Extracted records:
----------

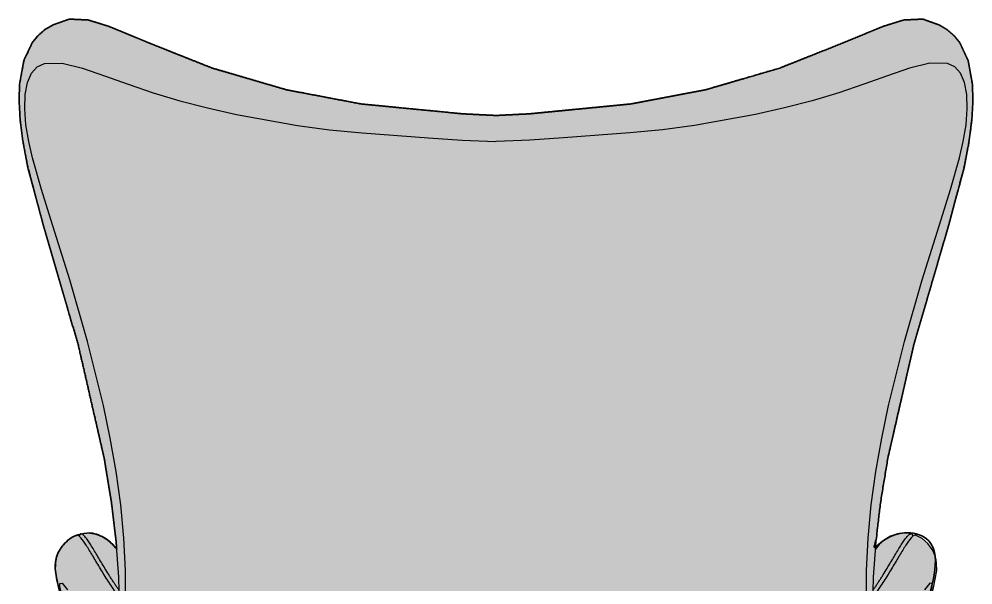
# Model space of a CAD drawing. Header units: millimetres. Extents: x 0 to 2578, y -1409 to 1073.
# Drawn here: x 80 to 987, y -872 to -334 of the extents above; entities that cross this region are included whole.
import ezdxf

# ---------------------------------------------------------------- set-up
doc = ezdxf.new("R2010")
doc.units = ezdxf.units.MM
doc.layers.add('Blocks', color=7, linetype='Continuous')
doc.layers.add('Blocks$Fill', color=7, linetype='Continuous', true_color=0xffffff)
doc.layers.add('Blocks$Inner', color=7, linetype='Continuous', lineweight=25, true_color=0x007f00)
doc.layers.add('Blocks$Outline', color=7, linetype='Continuous', lineweight=35, true_color=0xff3f3f)

# ---------------------------------------------------------------- blocks, each defined once
blk = doc.blocks.new('Egg Back')
at = {"layer": 'Blocks$Fill'}
blk.add_hatch(color=256, dxfattribs=at).paths.add_polyline_path([(-869.3712391371141, 27.61455358701468), (-869.371239455139, 25.1981333220111), (-869.3712705289859, 8.163703951348987), (-872.39221660677, 8.163703918454383), (-872.39221660677, -8.299842251105184e-13), (-837.874696968755, -8.331301775701787e-13), (-837.874696968755, 6.423867539126226), (-577.280474302293, 6.215370178221799), (-542.4298906721729, 6.215372085570429), (-542.3149146973797, 6.223098780641571), (-542.3149146973797, -1.769562418128174e-12), (-524.9037185619013, -8.616545857445428e-13), (-524.9037185619004, 6.22309878064066), (-524.7887425871081, 6.215372085569518), (-523.6353343226133, 6.215360147190998), (-229.3439362905269, 6.423867539126171), (-229.343936290526, -1.798086826302538e-12), (-194.8264166525109, -1.801232778762198e-12), (-194.8264166525109, 8.163703918453411), (-197.8473627302951, 8.163703951348925), (-197.847393804142, 25.19813332201104), (-197.8473938955341, 25.2568849047956), (-197.8473941221677, 27.61455358701462), (-198.7618609020069, 28.61103905259917), (-489.938160193566, 53.52566241185654), (-514.4489561808264, 53.52564181893199), (-514.4489561808246, 119.773678119389), (-493.8682258524263, 120.8173354521851), (-445.7318140967467, 129.7347128990032), (-398.5055316149878, 145.1323061718568), (-354.3971916350624, 166.1271013713249), (-314.5341077939588, 191.9144333049799), (-277.8720509013423, 223.4404528546457), (-244.3146904607487, 261.3288782925201), (-213.883921721987, 306.3738537231948), (-201.5549113010397, 327.8757135368256), (-189.9196367137958, 349.8062870160193), (-178.9998260716883, 372.13167474582), (-168.8149755233732, 394.8165467162013), (-159.3822345701083, 417.8243279024154), (-150.7163100618776, 441.1173945567452), (-142.8293899994138, 464.6572790036826), (-135.7310879680594, 488.4048806020865), (-131.5182243470212, 496.293276970312), (-123.0705784221522, 517.2537763524415), (-117.8000125519015, 533.9083310565293), (-114.8160233141975, 550.3293964632567), (-114.9205664259611, 557.0737698174689), (-115.4335906908458, 560.5176833554315), (-116.2791596626834, 563.8382193992929), (-117.4736037782062, 567.0406316159151), (-119.048200413978, 570.1541870000037), (-123.284998529601, 575.8862573824899), (-128.7218744577598, 580.5693848884375), (-135.0475520530439, 583.9178609383571), (-135.0735355611235, 583.9269321139275), (-135.0997792777997, 583.9353358730095), (-135.1262825967176, 583.9430731151817), (-135.1530449115223, 583.950144740023), (-135.1800656158588, 583.956551647112), (-135.2073441033722, 583.9622947360273), (-135.2348797677075, 583.9673749063478), (-135.2626720025098, 583.9717930576523), (-135.2907202014241, 583.9755500895196), (-135.3190237580955, 583.9786469015284), (-135.347582066169, 583.9810843932571), (-135.3763945192897, 583.982863464285), (-135.4054605111026, 583.9839850141905), (-135.4347794352528, 583.9844499425523), (-135.4643506853853, 583.9842591489491), (-135.4941736551452, 583.98341353296), (-135.5242477381775, 583.9819139941635), (-135.5545723281273, 583.9797614321383), (-135.5851468186397, 583.9769567464631), (-135.6159706033596, 583.9735008367167), (-135.6470430759322, 583.9693946024778), (-135.6783636300024, 583.9646389433253), (-135.7099316592154, 583.959234758838), (-135.7417465572162, 583.9531829485943), (-135.7738077176498, 583.946484412173), (-135.8061145341613, 583.9391400491531), (-135.8714627099982, 583.9225174416322), (-135.9377862338872, 583.903322322661), (-136.0050802549889, 583.8815618888696), (-136.0733399224635, 583.8572433368879), (-136.1425603854715, 583.8303738633458), (-136.2127367931734, 583.8009606648734), (-136.2838642947294, 583.7690109381003), (-136.3559380393001, 583.7345318796567), (-136.4289531760458, 583.6975306861723), (-136.502904854127, 583.6580145542771), (-136.577788222704, 583.615990680601), (-136.6535984309372, 583.571466261774), (-136.7303306279871, 583.524448494426), (-136.8865415851785, 583.4229617006863), (-137.0463822875615, 583.3115878724211), (-137.2098139284193, 583.1903845826703), (-137.4401878432997, 583.0079102714514), (-137.6771267426288, 582.8072381704469), (-137.7002579674464, 582.9992350102591), (-137.7262308947712, 583.1811665839817), (-137.7550934267185, 583.353424527927), (-137.786893465404, 583.5164004784071), (-137.8216789129434, 583.6704860717344), (-137.8594976714523, 583.8160729442212), (-137.8795595117314, 583.885801746497), (-137.9003976430462, 583.9535527321796), (-137.9220180531613, 584.019374855808), (-137.9444267298409, 584.0833170719216), (-137.9637568009786, 584.135330377431), (-137.9836378414645, 584.1860673605102), (-138.0040663824065, 584.2355298162126), (-138.0250389549132, 584.2837195395925), (-138.0465520900925, 584.330638325704), (-138.0686023190529, 584.3762879696008), (-138.0911861729024, 584.4206702663371), (-138.1143001827495, 584.463787010967), (-138.1379408797022, 584.5056399985444), (-138.1621047948689, 584.5462310241232), (-138.1867884593577, 584.5855618827577), (-138.2119884042769, 584.6236343695016), (-138.2377011607348, 584.660450279409), (-138.2639232598395, 584.696011407534), (-138.2906512326993, 584.7303195489305), (-138.3178816104224, 584.7633764986526), (-138.3456109241171, 584.7951840517543), (-138.3738357048916, 584.8257440032896), (-138.4025524838542, 584.8550581483124), (-138.431757792113, 584.8831282818769), (-138.4614481607763, 584.909956199037), (-138.4916201209524, 584.9355436948467), (-138.5222702037494, 584.9598925643601), (-138.5533949402757, 584.9830046026311), (-138.5849908616393, 585.0048816047138), (-138.6170544989487, 585.0255253656621), (-138.649582383312, 585.0449376805301), (-138.6825710458374, 585.0631203443718), (-138.7160170176332, 585.0800751522412), (-138.7499168298076, 585.0958038991922), (-138.7842670134689, 585.1103083802791), (-138.8190640997253, 585.1235903905555), (-138.8416140931866, 585.1314659405831), (-138.8643462771543, 585.1388400419946), (-138.8872604583749, 585.145713308674), (-138.9103564435952, 585.1520863545053), (-138.9336340395618, 585.1579597933727), (-138.9570930530214, 585.1633342391601), (-138.9807332907206, 585.1682103057518), (-139.0045545594062, 585.1725886070317), (-139.0285566658246, 585.1764697568838), (-139.0527394167227, 585.1798543691923), (-139.0771026188471, 585.182743057841), (-139.1016460789445, 585.1851364367144), (-139.1263696037614, 585.1870351196964), (-139.1512730000446, 585.1884397206707), (-139.1763560745407, 585.1893508535218), (-139.2016186339964, 585.1897691321337), (-145.4644352503678, 585.9412841171179), (-152.2127717382631, 585.1910711484052), (-158.7284492560451, 582.9536952770031), (-164.5281939667388, 579.4814863977772), (-169.6064357433064, 574.9669433557319), (-173.1814294384762, 570.2591941434212), (-172.6250360969156, 577.9320878767858), (-168.187596026521, 615.1086494031824), (-161.2652495909537, 657.0889395412332), (-136.7639144585595, 764.1809227688418), (-103.4809924603109, 878.2980293238597), (-88.89943345851714, 933.0350168247924), (-84.27375169769073, 956.9293501547336), (-81.49174388815152, 978.224880217369), (-80.42860806659371, 996.4914757415718), (-80.86830551893615, 1012.038386572178), (-84.95723047681746, 1034.848648743834), (-92.8272558847169, 1051.675425455222), (-98.36190962312718, 1058.549932215951), (-104.99723605838, 1064.318075191263), (-112.557943622511, 1068.763745114881), (-128.1028001116468, 1074.309553617203), (-146.1208854428936, 1073.462136421551), (-165.4761602565781, 1067.498093506668), (-206.9865525665358, 1050.409160242678), (-263.8049827075895, 1027.802222045794), (-334.3862317264732, 1007.166088125646), (-405.4402582391861, 993.665898614252), (-501.5847770767817, 984.3019042657743), (-533.0552428115919, 982.7296559679808), (-534.1633904476897, 982.7296559679808), (-565.6338561824999, 984.3019042657752), (-661.7783750200955, 993.6658986142521), (-732.8324015328084, 1007.166088125647), (-803.4136505516921, 1027.802222045795), (-860.2320806927459, 1050.409160242679), (-901.7424730027027, 1067.498093506668), (-921.0977478163876, 1073.462136421551), (-939.1158331476344, 1074.309553617202), (-954.6606896367697, 1068.76374511488), (-962.2213972009007, 1064.318075191262), (-968.8567236361531, 1058.549932215951), (-974.3913773745638, 1051.675425455222), (-982.2614027824633, 1034.848648743833), (-986.3503277403446, 1012.038386572178), (-986.7900251926875, 996.4914757415737), (-985.7268893711292, 978.2248802173691), (-982.94488156159, 956.9293501547328), (-978.3191998007641, 933.0350168247925), (-963.7376407989699, 878.2980293238608), (-930.4547188007222, 764.180922768841), (-905.953383668328, 657.0889395412333), (-899.0310372327608, 615.1086494031834), (-894.5935971623662, 577.932087876785), (-894.0372038208066, 570.2591941434213), (-897.6121975159754, 574.966943355732), (-902.690439292543, 579.4814863977773), (-908.4901840032367, 582.9536952770042), (-915.0058615210182, 585.1910711484062), (-921.7541980089136, 585.941284117118), (-928.0170146253004, 585.1897691321348), (-928.042277184755, 585.1893508535223), (-928.0673602592503, 585.1884397206708), (-928.0922636555329, 585.1870351196959), (-928.1169871803493, 585.1851364367136), (-928.1415306404463, 585.18274305784), (-928.1658938425702, 585.1798543691908), (-928.190076593468, 585.1764697568819), (-928.2140786998864, 585.1725886070295), (-928.2378999685718, 585.1682103057494), (-928.2615402062711, 585.1633342391575), (-928.2849992197308, 585.1579597933697), (-928.3082768156975, 585.1520863545021), (-928.331372800918, 585.1457133086705), (-928.3542869821388, 585.1388400419909), (-928.3770191661066, 585.1314659405792), (-928.399569159568, 585.1235903905514), (-928.4343662458238, 585.110308380275), (-928.4687164294842, 585.0958038991884), (-928.5026162416577, 585.0800751522376), (-928.5360622134526, 585.0631203443685), (-928.5690508759773, 585.0449376805271), (-928.6015787603396, 585.0255253656596), (-928.6336423976479, 585.0048816047117), (-928.6652383190108, 584.9830046026296), (-928.696363055536, 584.9598925643593), (-928.7270131383323, 584.9355436948467), (-928.7571850985075, 584.9099561990378), (-928.7868754671699, 584.8831282818785), (-928.816080775428, 584.8550581483149), (-928.8447975543895, 584.8257440032932), (-928.8730223351632, 584.795184051759), (-928.9007516488571, 584.7633764986584), (-928.9279820265795, 584.7303195489375), (-928.9547099994385, 584.6960114075423), (-928.9809320985423, 584.6604502794187), (-929.0066448549994, 584.6236343695126), (-929.031844799918, 584.5855618827703), (-929.056528464406, 584.5462310241376), (-929.0806923795719, 584.5056399985605), (-929.104333076524, 584.4637870109849), (-929.1274470863704, 584.4206702663569), (-929.1500309402193, 584.3762879696225), (-929.1720811691789, 584.3306383257277), (-929.1935943043578, 584.2837195396183), (-929.214566876864, 584.2355298162405), (-929.2349954178055, 584.1860673605403), (-929.2548764582907, 584.1353303774637), (-929.2742065294282, 584.0833170719563), (-929.2966152061091, 584.0193748558403), (-929.3182356162255, 583.9535527322092), (-929.3390737475415, 583.885801746524), (-929.3591355878219, 583.8160729442454), (-929.3969543463329, 583.6704860717531), (-929.4317397938742, 583.5164004784206), (-929.4635398325613, 583.3534245279358), (-929.4924023645099, 583.181166583987), (-929.5183752918356, 582.9992350102623), (-929.541506516654, 582.8072381704498), (-929.7784454159855, 583.0079102714554), (-930.0088193308696, 583.1903845826768), (-930.1722509717268, 583.3115878724271), (-930.332091674109, 583.4229617006914), (-930.4883026312998, 583.5244484944304), (-930.5650348283493, 583.5714662617783), (-930.6408450365823, 583.6159906806049), (-930.7157284051589, 583.6580145542806), (-930.7896800832398, 583.6975306861756), (-930.8626952199852, 583.7345318796596), (-930.9347689645556, 583.7690109381031), (-931.0058964661114, 583.8009606648758), (-931.0760728738128, 583.8303738633482), (-931.1452933368205, 583.8572433368901), (-931.2135530042949, 583.8815618888715), (-931.2808470253963, 583.9033223226628), (-931.347170549285, 583.9225174416337), (-931.4125187251217, 583.9391400491546), (-931.4448255416331, 583.9464844121745), (-931.4768867020666, 583.9531829485956), (-931.5087016000673, 583.9592347588392), (-931.5402696292803, 583.9646389433266), (-931.5715901833504, 583.969394602479), (-931.6026626559228, 583.9735008367178), (-931.6334864406426, 583.976956746464), (-931.6640609311548, 583.9797614321391), (-931.6943855211046, 583.9819139941643), (-931.7244596041369, 583.9834135329609), (-931.7542825738967, 583.9842591489501), (-931.7838538240292, 583.9844499425529), (-931.8131727481793, 583.983985014191), (-931.8422387399921, 583.9828634642856), (-931.8710511931126, 583.9810843932579), (-931.8996095011862, 583.978646901529), (-931.9279130578575, 583.9755500895202), (-931.9559612567717, 583.9717930576529), (-931.983753491574, 583.9673749063483), (-932.0112891559093, 583.9622947360275), (-932.0385676434225, 583.9565516471121), (-932.0655883477591, 583.9501447400231), (-932.0923506625638, 583.9430731151818), (-932.1188539814818, 583.9353358730096), (-932.145097698158, 583.9269321139276), (-932.1710812062374, 583.9178609383572), (-938.4967588015206, 580.5693848884385), (-943.9336347296794, 575.8862573824891), (-948.1704328453034, 570.1541870000038), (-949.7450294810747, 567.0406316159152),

----------

(What the exercise asks): Your task is to find each line in the entries that contains the string "lineweight" and copy it.

(Solution to the problem):
doc.layers.add('Blocks$Inner', color=7, linetype='Continuous', lineweight=25, true_color=0x007f00)
doc.layers.add('Blocks$Outline', color=7, linetype='Continuous', lineweight=35, true_color=0xff3f3f)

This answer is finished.